Work instructions:
Every line of the entries below from the one containing "import ezdxf" to the one containing "msp = doc.modelspace()", both ends included, must be written out exactly. No other line belongs in the answer.

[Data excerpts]

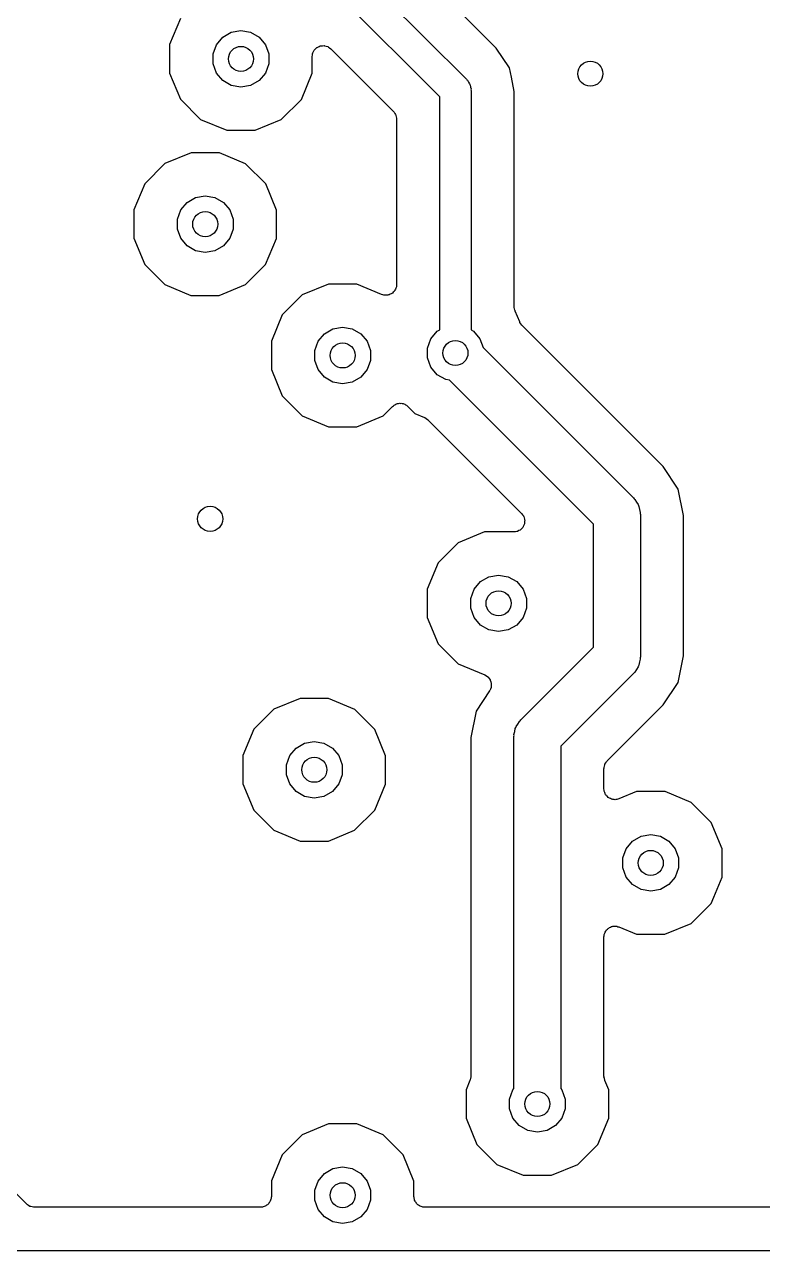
# Model space of a CAD drawing. Extents: x 91.5 to 189.2, y -112.8 to -60.5.
# Drawn here: x 147.73 to 159.7, y -101.79 to -81.9 of the extents above; entities that cross this region are included whole.
import ezdxf

# ---------------------------------------------------------------- set-up
doc = ezdxf.new("R2010")
doc.units = 0
doc.header["$MEASUREMENT"] = 0
doc.layers.add('BLACK', color=7, linetype='CONTINUOUS')

msp = doc.modelspace()

# ---------------------------------------------------------------- linework, layer by layer
at = {"layer": 'Black'}
for p, q in [((155.382, -82.2832), (153.835, -80.7362)), ((153.084, -80.9748), (154.9, -82.7904)), ((154.466, -83.0752), (152.65, -81.2596)), ((150.26, -81.8036), (150.083, -82.2288)), ((150.843, -82.2305), (150.945, -82.1084)), ((150.945, -82.1084), (151.083, -82.0287)), ((151.083, -82.0287), (151.24, -82.0011)), ((151.24, -82.0011), (151.397, -82.0287)), ((151.397, -82.0287), (151.535, -82.1084)), ((151.535, -82.1084), (151.637, -82.2305)), ((150.083, -82.2288), (150.083, -82.6892)), ((150.788, -82.3803), (150.843, -82.2305)), ((151.637, -82.2305), (151.692, -82.3803)), ((152.429, -82.3194), (152.434, -82.3139)), ((152.434, -82.3139), (152.438, -82.3072)), ((152.438, -82.3072), (152.456, -82.2925)), ((152.456, -82.2925), (152.472, -82.2763)), ((152.472, -82.2763), (152.479, -82.273)), ((152.479, -82.273), (152.485, -82.268)), ((152.485, -82.268), (152.507, -82.2602)), ((152.507, -82.2602), (152.527, -82.2506)), ((152.527, -82.2506), (152.535, -82.2499)), ((152.535, -82.2499), (152.542, -82.2472)), ((152.542, -82.2472), (152.565, -82.2472)), ((152.565, -82.2472), (152.588, -82.2453)), ((152.588, -82.2453), (152.596, -82.2473)), ((152.596, -82.2473), (152.603, -82.2473)), ((152.603, -82.2473), (152.625, -82.2551)), ((152.625, -82.2551), (152.647, -82.261)), ((152.647, -82.261), (152.653, -82.2655)), ((152.653, -82.2655), (152.661, -82.2682)), ((152.661, -82.2682), (152.678, -82.2829)), ((152.678, -82.2829), (152.697, -82.296)), ((152.697, -82.296), (153.715, -83.3138)), ((155.598, -82.6062), (155.382, -82.2832)), ((150.788, -82.5397), (150.788, -82.3803)), ((151.692, -82.3803), (151.692, -82.5397)), ((152.397, -82.4199), (152.401, -82.3974)), ((152.397, -82.6912), (152.397, -82.4199)), ((152.401, -82.3974), (152.403, -82.3747)), ((152.403, -82.3747), (152.407, -82.3676)), ((152.407, -82.3676), (152.408, -82.3599)), ((152.408, -82.3599), (152.419, -82.3401)), ((152.419, -82.3401), (152.429, -82.3194)), ((150.083, -82.6892), (150.258, -83.1146)), ((150.843, -82.6895), (150.788, -82.5397)), ((150.945, -82.8116), (150.843, -82.6895)), ((151.637, -82.6895), (151.535, -82.8116)), ((151.692, -82.5397), (151.637, -82.6895)), ((152.22, -83.1164), (152.397, -82.6912)), ((155.628, -82.7582), (155.598, -82.6062)), ((151.083, -82.8913), (150.945, -82.8116)), ((151.24, -82.9189), (151.083, -82.8913)), ((151.397, -82.8913), (151.24, -82.9189)), ((151.535, -82.8116), (151.397, -82.8913)), ((154.9, -82.7904), (154.906, -82.7995)), ((154.906, -82.7995), (154.915, -82.8067)), ((154.915, -82.8067), (154.931, -82.8355)), ((154.931, -82.8355), (154.95, -82.8627)), ((154.95, -82.8627), (154.953, -82.8734)), ((154.953, -82.8734), (154.959, -82.8831)), ((154.959, -82.8831), (154.964, -82.9158)), ((155.674, -82.9873), (155.628, -82.7582)), ((154.466, -86.8548), (154.466, -83.0752)), ((154.964, -82.9158), (154.973, -82.9479)), ((154.973, -82.9479), (154.972, -82.959)), ((154.972, -82.959), (154.974, -82.97)), ((154.974, -82.97), (154.974, -86.8548)), ((155.674, -86.4751), (155.674, -82.9873)), ((150.258, -83.1146), (150.584, -83.4405)), ((151.895, -83.4416), (152.22, -83.1164)), ((150.584, -83.4405), (151.009, -83.617)), ((151.469, -83.6174), (151.895, -83.4416)), ((153.715, -83.3138), (153.719, -83.3201)), ((153.719, -83.3201), (153.725, -83.325)), ((153.725, -83.325), (153.736, -83.3449)), ((153.736, -83.3449), (153.75, -83.3637)), ((153.75, -83.3637), (153.752, -83.3711)), ((153.752, -83.3711), (153.755, -83.3778)), ((153.755, -83.3778), (153.759, -83.4004)), ((153.759, -83.4004), (153.765, -83.4226)), ((153.765, -83.4226), (153.765, -83.4302)), ((153.765, -83.4302), (153.766, -83.4379)), ((153.766, -83.4379), (153.766, -86.1178)), ((151.009, -83.617), (151.469, -83.6174)), ((150.431, -83.9826), (150.005, -84.1584)), ((150.891, -83.983), (150.431, -83.9826)), ((151.316, -84.1595), (150.891, -83.983)), ((150.005, -84.1584), (149.68, -84.4836)), ((151.642, -84.4854), (151.316, -84.1595)), ((149.68, -84.4836), (149.503, -84.9088)), ((151.817, -84.9108), (151.642, -84.4854)), ((150.503, -84.7087), (150.66, -84.6811)), ((150.66, -84.6811), (150.817, -84.7087)), ((150.263, -84.9105), (150.365, -84.7884)), ((150.365, -84.7884), (150.503, -84.7087)), ((150.817, -84.7087), (150.955, -84.7884)), ((150.955, -84.7884), (151.057, -84.9105)), ((149.503, -84.9088), (149.503, -85.3692)), ((150.208, -85.0603), (150.263, -84.9105)), ((150.208, -85.2197), (150.208, -85.0603)), ((151.057, -84.9105), (151.112, -85.0603)), ((151.112, -85.0603), (151.112, -85.2197)), ((151.817, -85.3712), (151.817, -84.9108)), ((150.263, -85.3695), (150.208, -85.2197)), ((151.112, -85.2197), (151.057, -85.3695)), ((149.503, -85.3692), (149.678, -85.7946)), ((150.365, -85.4916), (150.263, -85.3695)), ((150.503, -85.5713), (150.365, -85.4916)), ((150.955, -85.4916), (150.817, -85.5713)), ((151.057, -85.3695), (150.955, -85.4916)), ((151.64, -85.7964), (151.817, -85.3712)), ((150.66, -85.5989), (150.503, -85.5713)), ((150.817, -85.5713), (150.66, -85.5989)), ((149.678, -85.7946), (150.004, -86.1205)), ((151.315, -86.1216), (151.64, -85.7964)), ((150.004, -86.1205), (150.429, -86.297)), ((150.889, -86.2974), (151.315, -86.1216)), ((152.235, -86.2884), (151.91, -86.6136)), ((152.661, -86.1126), (152.235, -86.2884)), ((153.121, -86.113), (152.661, -86.1126)), ((153.523, -86.2799), (153.121, -86.113)), ((153.542, -86.2841), (153.523, -86.2799)), ((153.56, -86.2907), (153.542, -86.2841)), ((153.571, -86.2907), (153.56, -86.2907)), ((153.583, -86.2932), (153.571, -86.2907)), ((153.602, -86.2907), (153.583, -86.2932)), ((153.621, -86.2907), (153.602, -86.2907)), ((153.632, -86.2868), (153.621, -86.2907)), ((153.643, -86.2853), (153.632, -86.2868)), ((153.66, -86.2764), (153.643, -86.2853)), ((153.678, -86.2698), (153.66, -86.2764)), ((153.687, -86.2625), (153.678, -86.2698)), ((153.697, -86.2572), (153.687, -86.2625)), ((153.71, -86.243), (153.697, -86.2572)), ((153.725, -86.2307), (153.71, -86.243)), ((153.731, -86.2207), (153.725, -86.2307)), ((153.738, -86.2123), (153.731, -86.2207)), ((153.746, -86.1945), (153.738, -86.2123)), ((153.755, -86.1779), (153.746, -86.1945)), ((153.757, -86.1666), (153.755, -86.1779)), ((153.762, -86.156), (153.757, -86.1666)), ((153.763, -86.1368), (153.762, -86.156)), ((153.766, -86.1178), (153.763, -86.1368)), ((150.429, -86.297), (150.889, -86.2974)), ((155.675, -86.4824), (155.674, -86.4751)), ((155.675, -86.4836), (155.675, -86.4824)), ((155.675, -86.4839), (155.675, -86.4836)), ((155.675, -86.4902), (155.675, -86.4839)), ((155.681, -86.5125), (155.675, -86.4902)), ((151.91, -86.6136), (151.733, -87.0388)), ((155.685, -86.5351), (155.681, -86.5125)), ((155.688, -86.5405), (155.685, -86.5351)), ((155.688, -86.5431), (155.688, -86.5405)), ((155.69, -86.5465), (155.688, -86.5431)), ((155.69, -86.5491), (155.69, -86.5465)), ((155.691, -86.5505), (155.69, -86.5491)), ((155.764, -86.7262), (155.691, -86.5505)), ((152.595, -86.9184), (152.733, -86.8387)), ((152.733, -86.8387), (152.89, -86.8111)), ((152.89, -86.8111), (153.047, -86.8387)), ((153.047, -86.8387), (153.185, -86.9184)), ((154.323, -87.0005), (154.425, -86.8784)), ((154.425, -86.8784), (154.466, -86.8548)), ((154.974, -86.8548), (155.015, -86.8784)), ((155.015, -86.8784), (155.117, -87.0005)), ((155.766, -86.7295), (155.764, -86.7262)), ((155.767, -86.7333), (155.766, -86.7295)), ((155.782, -86.7551), (155.767, -86.7333)), ((155.797, -86.7776), (155.782, -86.7551)), ((155.8, -86.78), (155.797, -86.7776)), ((155.802, -86.7833), (155.8, -86.78)), ((158.092, -89.0734), (155.802, -86.7833)), ((151.733, -87.0388), (151.733, -87.4992)), ((152.438, -87.1903), (152.493, -87.0405)), ((152.493, -87.0405), (152.595, -86.9184)), ((153.185, -86.9184), (153.287, -87.0405)), ((153.287, -87.0405), (153.342, -87.1903)), ((154.268, -87.1503), (154.323, -87.0005)), ((155.117, -87.0005), (155.168, -87.1391)), ((152.438, -87.3497), (152.438, -87.1903)), ((153.342, -87.1903), (153.342, -87.3497)), ((154.268, -87.3097), (154.268, -87.1503)), ((155.168, -87.1391), (157.609, -89.5806)), ((152.493, -87.4995), (152.438, -87.3497)), ((153.342, -87.3497), (153.287, -87.4995)), ((154.323, -87.4595), (154.268, -87.3097)), ((154.425, -87.5816), (154.323, -87.4595)), ((151.733, -87.4992), (151.908, -87.9246)), ((152.595, -87.6216), (152.493, -87.4995)), ((152.733, -87.7013), (152.595, -87.6216)), ((153.185, -87.6216), (153.047, -87.7013)), ((153.287, -87.4995), (153.185, -87.6216)), ((154.563, -87.6613), (154.425, -87.5816)), ((154.623, -87.6718), (154.563, -87.6613)), ((156.959, -90.0078), (154.623, -87.6718)), ((152.89, -87.7289), (152.733, -87.7013)), ((153.047, -87.7013), (152.89, -87.7289)), ((151.908, -87.9246), (152.234, -88.2505)), ((153.714, -88.0868), (153.724, -88.0759)), ((153.724, -88.0759), (153.738, -88.0694)), ((153.738, -88.0694), (153.751, -88.0606)), ((153.751, -88.0606), (153.766, -88.0567)), ((153.766, -88.0567), (153.78, -88.0502)), ((153.78, -88.0502), (153.795, -88.0489)), ((153.795, -88.0489), (153.81, -88.0449)), ((153.81, -88.0449), (153.825, -88.0463)), ((153.825, -88.0463), (153.84, -88.0449)), ((153.84, -88.0449), (153.855, -88.0489)), ((153.855, -88.0489), (153.871, -88.0503)), ((153.871, -88.0503), (153.884, -88.0568)), ((153.884, -88.0568), (153.899, -88.0608)), ((153.899, -88.0608), (153.912, -88.0696)), ((153.912, -88.0696), (153.926, -88.0761)), ((153.926, -88.0761), (153.937, -88.087)), ((152.234, -88.2505), (152.659, -88.427)), ((153.119, -88.4274), (153.545, -88.2516)), ((153.545, -88.2516), (153.701, -88.0956)), ((153.701, -88.0956), (153.714, -88.0868)), ((153.937, -88.087), (153.949, -88.0958)), ((153.949, -88.0958), (154.064, -88.2105)), ((154.064, -88.2105), (154.216, -88.2738)), ((154.216, -88.2738), (154.219, -88.2759)), ((154.219, -88.2759), (154.223, -88.2768)), ((154.223, -88.2768), (154.245, -88.2922)), ((152.659, -88.427), (153.119, -88.4274)), ((154.245, -88.2922), (154.268, -88.3066)), ((154.268, -88.3066), (154.27, -88.3096)), ((154.27, -88.3096), (154.273, -88.3118)), ((154.273, -88.3118), (155.795, -89.8334)), ((158.336, -89.4376), (158.092, -89.0734)), ((158.336, -89.4403), (158.336, -89.4376)), ((158.421, -89.8673), (158.336, -89.4403)), ((157.609, -89.5806), (157.619, -89.5943)), ((157.619, -89.5943), (157.632, -89.6051)), ((157.632, -89.6051), (157.657, -89.6482)), ((157.657, -89.6482), (157.685, -89.689)), ((155.795, -89.8334), (155.808, -89.8523)), ((155.808, -89.8523), (155.823, -89.8699)), ((155.823, -89.8699), (155.825, -89.8771)), ((157.685, -89.689), (157.69, -89.7052)), ((157.69, -89.7052), (157.698, -89.7197)), ((157.698, -89.7197), (157.707, -89.7687)), ((157.707, -89.7687), (157.72, -89.8168)), ((157.72, -89.8168), (157.718, -89.8335)), ((157.718, -89.8335), (157.721, -89.85)), ((157.721, -89.85), (157.721, -92.16)), ((158.421, -92.1427), (158.421, -89.8673)), ((155.814, -90.0582), (155.798, -90.0745)), ((155.818, -90.0513), (155.814, -90.0582)), ((155.822, -90.0454), (155.818, -90.0513)), ((155.83, -90.0238), (155.822, -90.0454)), ((155.825, -89.8771), (155.83, -89.8833)), ((155.83, -89.8833), (155.836, -89.9056)), ((155.84, -90.0029), (155.83, -90.0238)), ((155.836, -89.9056), (155.843, -89.9272)), ((155.841, -89.9953), (155.84, -90.0029)), ((155.843, -89.9881), (155.841, -89.9953)), ((155.843, -89.9272), (155.843, -89.9348)), ((155.843, -89.9348), (155.845, -89.9422)), ((155.845, -89.9422), (155.843, -89.9651)), ((155.843, -89.9651), (155.843, -89.9881)), ((156.959, -92.0022), (156.959, -90.0078)), ((155.191, -90.1326), (154.765, -90.3084)), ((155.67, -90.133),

Response to the task:
import ezdxf

# ---------------------------------------------------------------- set-up
doc = ezdxf.new("R2010")
doc.units = 0
doc.header["$MEASUREMENT"] = 0
doc.layers.add('BLACK', color=7, linetype='CONTINUOUS')

msp = doc.modelspace()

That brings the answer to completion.